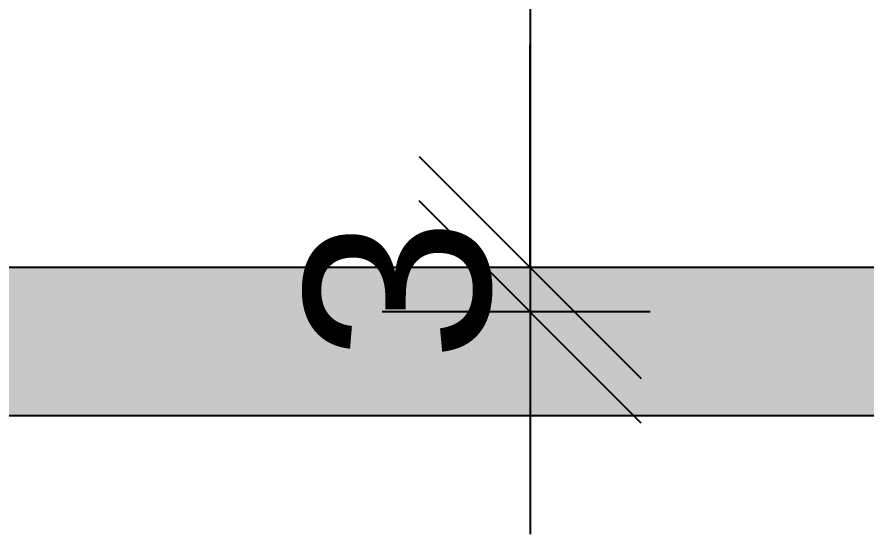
# Model space of a CAD drawing. Extents: x -5566 to 5867, y -120 to 4683.
# Drawn here: x -2074.3 to -2016.9, y 2622.5 to 2657.4 of the extents above; entities that cross this region are included whole.
import ezdxf

# ---------------------------------------------------------------- set-up
doc = ezdxf.new("R2010")
doc.units = 0
doc.layers.get('0').update_dxf_attribs({"linetype": 'CONTINUOUS'})
doc.layers.get('DEFPOINTS').update_dxf_attribs({"linetype": 'CONTINUOUS'})
for name, color, linetype in [('A-ANNO-DIMS', 211, 'CONTINUOUS'), ('A-WALL-PATT', 111, 'CONTINUOUS'), ('I-WALL', 2, 'CONTINUOUS')]:
    doc.layers.add(name, color=color, linetype=linetype)
doc.styles.add('ARIAL', font='arial.ttf', dxfattribs={"height": 12.5})
doc.dimstyles.new('100_200_2_5MM_ARIAL_CM', dxfattribs={"dimscale": 30.48, "dimtxt": 12.753242, "dimasz": 0.492126, "dimexe": 0.328084, "dimexo": 0.0625, "dimgap": 0.082021, "dimtad": 1, "dimdec": 0, "dimzin": 0, "dimtxsty": 'ARIAL', "dimblk1": 'OBLIQUE', "dimblk2": 'OBLIQUE', "dimsah": 1, "dimcen": 0.09, "dimdle": 0.328084, "dimazin": 3, "dimtfac": 1, "dimtdec": 4, "dimtix": 1, "dimtmove": 0, "dimatfit": 3, "dimtvp": 1, "dimtolj": 1, "dimtzin": 0})

# ---------------------------------------------------------------- blocks, each defined once
blk = doc.blocks.new('_OBLIQUE')
at = {"color": 0, "linetype": 'BYBLOCK'}
blk.add_line((-0.5, -0.5), (0.5, 0.5), dxfattribs=at)
blk = doc.blocks.new('DIMBLOCK266-LEVEL__9_00')
at = {"layer": 'A-ANNO-DIMS', "color": 0}
for p, q in [((-2039.616, 3145.492), (-2039.616, 2630.492)), ((-2031.521, 3135.492), (-2049.616, 3135.492)), ((-2031.521, 2640.492), (-2049.616, 2640.492))]:
    blk.add_line(p, q, dxfattribs=at)
at = {"layer": 'DEFPOINTS', "color": 0}
for p in [(-2029.616, 3135.492), (-2039.616, 2640.492), (-2029.616, 2640.492)]:
    blk.add_point(p, dxfattribs=at)
at = {"layer": 'A-ANNO-DIMS', "color": 0, "xscale": 15, "yscale": 15, "zscale": 15}
for p, rotation in [((-2039.616, 3135.492), 90), ((-2039.616, 2640.492), 270)]:
    blk.add_blockref('_OBLIQUE', p, dxfattribs=dict(at, rotation=rotation))
at = {"layer": 'A-ANNO-DIMS', "color": 0, "insert": (-2048.498, 2887.992), "char_height": 12.5, "width": 34.61034, "attachment_point": 5, "rotation": 90, "style": 'ARIAL'}
blk.add_mtext('\\A1;495', dxfattribs=at)
blk = doc.blocks.new('DIMBLOCK267-LEVEL__9_00')
at = {"layer": 'A-ANNO-DIMS', "color": 0}
for p, q in [((-2039.616, 2640.492), (-2039.616, 2655.492)), ((-2031.521, 2640.492), (-2049.616, 2640.492)), ((-2039.616, 2640.492), (-2039.616, 2637.492)), ((-2031.521, 2637.492), (-2049.616, 2637.492)), ((-2039.616, 2637.492), (-2039.616, 2622.492))]:
    blk.add_line(p, q, dxfattribs=at)
at = {"layer": 'DEFPOINTS', "color": 0}
for p in [(-2029.616, 2640.492), (-2039.616, 2637.492), (-2029.616, 2637.492)]:
    blk.add_point(p, dxfattribs=at)
at = {"layer": 'A-ANNO-DIMS', "color": 0, "xscale": 15, "yscale": 15, "zscale": 15}
for p, rotation in [((-2039.616, 2640.492), 270), ((-2039.616, 2637.492), 90)]:
    blk.add_blockref('_OBLIQUE', p, dxfattribs=dict(at, rotation=rotation))
at = {"layer": 'A-ANNO-DIMS', "color": 0, "insert": (-2048.502, 2638.992), "char_height": 12.5, "width": 11.53678, "attachment_point": 5, "rotation": 90, "style": 'ARIAL'}
blk.add_mtext('\\A1;3', dxfattribs=at)

msp = doc.modelspace()

# ---------------------------------------------------------------- hatches: boundary and pattern name
at = {"layer": 'A-WALL-PATT'}
msp.add_hatch(color=256, dxfattribs=at).paths.add_polyline_path([(-2357.5, 2640.492), (-2357.5, 2630.492), (-1989.5, 2630.492), (-1989.5, 2640.492), (-2278.768, 2640.492)], flags=0)

# ---------------------------------------------------------------- linework, layer by layer
at = {"layer": 'I-WALL'}
for p, q in [((-1989.5, 2640.492), (-2357.5, 2640.492)), ((-2357.5, 2630.492), (-1989.5, 2630.492))]:
    msp.add_line(p, q, dxfattribs=at)

# ---------------------------------------------------------------- dimensions: what is measured, and where the dimension line sits
at = {"layer": 'A-ANNO-DIMS'}
for base, p1, p2, override, picture, middle in [((-2039.616, 2640.492), (-2029.616, 3135.492), (-2029.616, 2640.492), {"dimpost": '<>', "dimfxl": 495}, 'DIMBLOCK266-LEVEL__9_00', (-2048.498, 2887.992)), ((-2039.616, 2637.492), (-2029.616, 2640.492), (-2029.616, 2637.492), {"dimpost": '<>', "dimfxl": 3}, 'DIMBLOCK267-LEVEL__9_00', (-2048.502, 2638.992))]:
    dim = msp.add_linear_dim(base=base, p1=p1, p2=p2, angle=270, dimstyle='100_200_2_5MM_ARIAL_CM', override=override, dxfattribs=at)
    dim.commit()
    dim.dimension.update_dxf_attribs({"geometry": picture, "text_midpoint": middle})

doc.saveas('drawing.dxf')
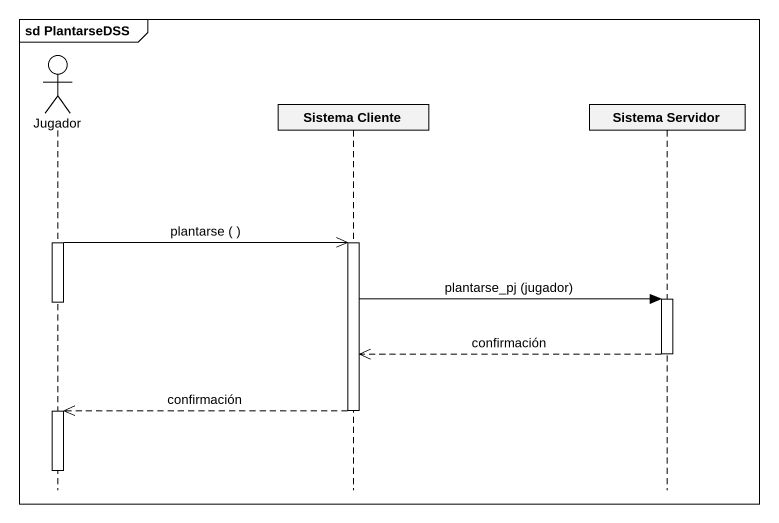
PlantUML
@startuml
mainframe sd PlantarseDSS
hide footbox
actor Jugador
participant "Sistema Cliente" as Sistema_Cliente
participant "Sistema Servidor" as Sistema_Servidor

activate Jugador
Jugador ->> Sistema_Cliente : plantarse ( )
activate Sistema_Cliente
Sistema_Cliente -> Sistema_Servidor : plantarse_pj (jugador)
activate Sistema_Servidor
deactivate Jugador
Sistema_Servidor -->> Sistema_Cliente : confirmación
deactivate Sistema_Servidor
Sistema_Cliente -->> Jugador : confirmación
deactivate Sistema_Cliente
activate Jugador
deactivate Jugador
@enduml

Your objective
Lines holding the word "drawing" in the entries above are the ones to pull out. Copy them all.

Response area
# Model space of a CAD drawing. Extents: x -5566 to 5867, y -120 to 4683.
doc.saveas('drawing.dxf')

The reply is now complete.